In fact, the gym is becoming a center for at-risk individuals and
patients as much as the traditional workout junkie. “The whole health care
system has realized that if people are not physically active, it’s costing them
money,” says Deb Riggs, general manger at TriHealth Fitness & Health
Pavilion.
Fitness centers that offer a wealth of workout options and
classes, medically integrated with a hospital component and a physicians’
network, are well positioned to meet the new accountable care, wellness trend.
“We have certainly been trending toward that and now it is
accelerating. (We’re) trying to keep people well rather than fix them when they
are broken,” says Gretchen Aberg, a master personal trainer at Mercy.
A Healthy Tomorrow
Observers expect health care options to increase in the North.
Gone are the days when those who wanted sophisticated health care needed to go
to “Pill Hill,” the cluster of hospitals in Clifton.
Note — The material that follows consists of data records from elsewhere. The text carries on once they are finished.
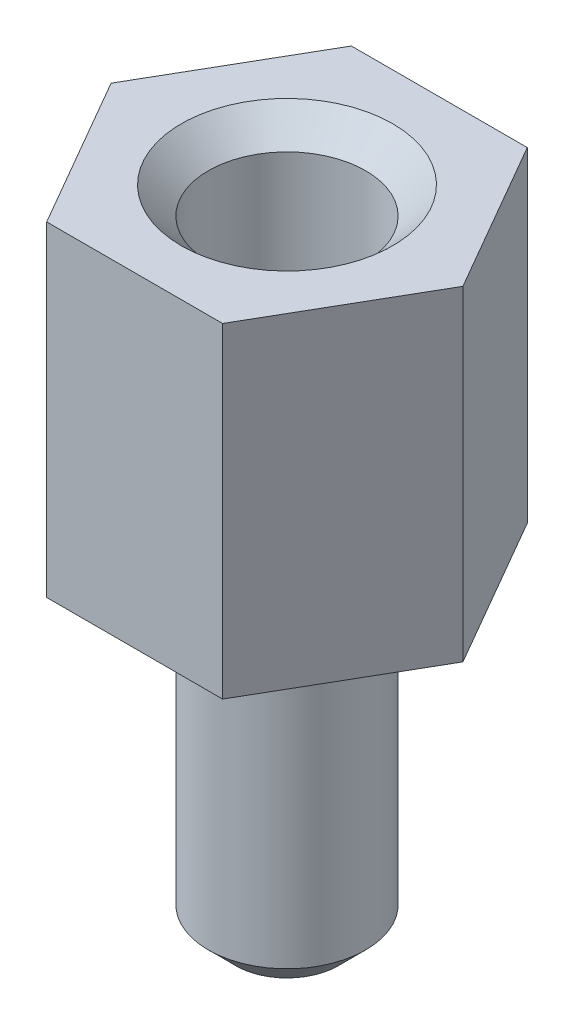
SolidWorks part; units mm, degrees
ref_plane "Front Plane" through (0, 0, 0) normal (0, 0, 1) x (1, 0, 0)
ref_plane "Top Plane" through (0, 0, 0) normal (0, 1, 0) x (1, 0, 0)
ref_plane "Right Plane" through (0, 0, 0) normal (1, 0, 0) x (0, 0, -1)
ref_plane "Plane1" through (0, 6, 0) normal (0, 1, 0) x (1, 0, 0)
sketch "Sketch1" plane through (0, 6, 0) normal (0, 1, 0) x (1, 0, 0)
  line L0 (1.6224, -2.81) -> (3.2447, 0)
  line L1 (3.2447, 0) -> (1.6224, 2.81)
  line L2 (1.6224, 2.81) -> (-1.6224, 2.81)
  line L3 (-1.6224, 2.81) -> (-3.2447, 0)
  line L4 (-3.2447, 0) -> (-1.6224, -2.81)
  line L5 (-1.6224, -2.81) -> (1.6224, -2.81)
extrude "Boss-Extrude1" add sketch "Sketch1" against normal blind 6
ref_plane "Plane2" through (0, 0, 0) normal (0, 0, -1) x (-1, 0, 0)
sketch "Sketch2" plane through (0, 0, 0) normal (0, 0, -1) x (-1, 0, 0)
  line L0 (-1.45, -6) -> (0, -6)
  line L1 (0, -6) -> (0, 0)
  line L2 (0, 0) -> (-1.45, 0)
  line L3 (-1.45, 0) -> (-1.45, -6)
  line L4 (0, -6) -> (0, 0) construction
revolve "Revolve1" add sketch "Sketch2" angle 360 about L4
hole_wizard "Ø2.9 (2.9) Diameter Hole1" positions "Sketch4" profile "Sketch3" hole size "Ø2.9" standard "ANSI Metric"
sketch "Sketch4" plane through (0, 6, 0) normal (0, 1, 0) x (1, 0, 0)
  point P0 (0, 0)
sketch "Sketch3" plane through (0, 6, 0) normal (1, 0, 0) x (0, 0, 1)
  line L0 (0, 0) -> (0, 5)
  line L1 (0, 5) -> (1.45, 5)
  line L2 (1.45, 5) -> (1.45, 0)
  line L5 (1.45, 0) -> (0, 0)
  line L10 (0, 5) -> (-1.45, 5) construction
  line L11 (0, -6.35) -> (0, 107.95) construction
  dimension "Hole Dia." = 2.9
  dimension "Hole Depth" = 5
  dimension "Drill Angle" = 180
chamfer "Chamfer1" distance 0.5 angle 45 2 edges at (0, -6, 1.45) (0, 6, 1.45)

The trend is for suburban
hospitals to continue to add specialty services and technology, such as robotics
and advanced digital imaging, treatment previously only found at one or two
central hospitals.
“We have to offer top-notch care for our patients because they now
have choices in this region,” Ossmann says. “Other hospitals have opened and
expanded in our northern market and that’s because they see it as we see it.
It’s where the population is and where it’s growing. So, it becomes more
competitive every day.”
Hospitals in the region can boast plenty of “best of”
designations accrued during the last couple years to attract patients.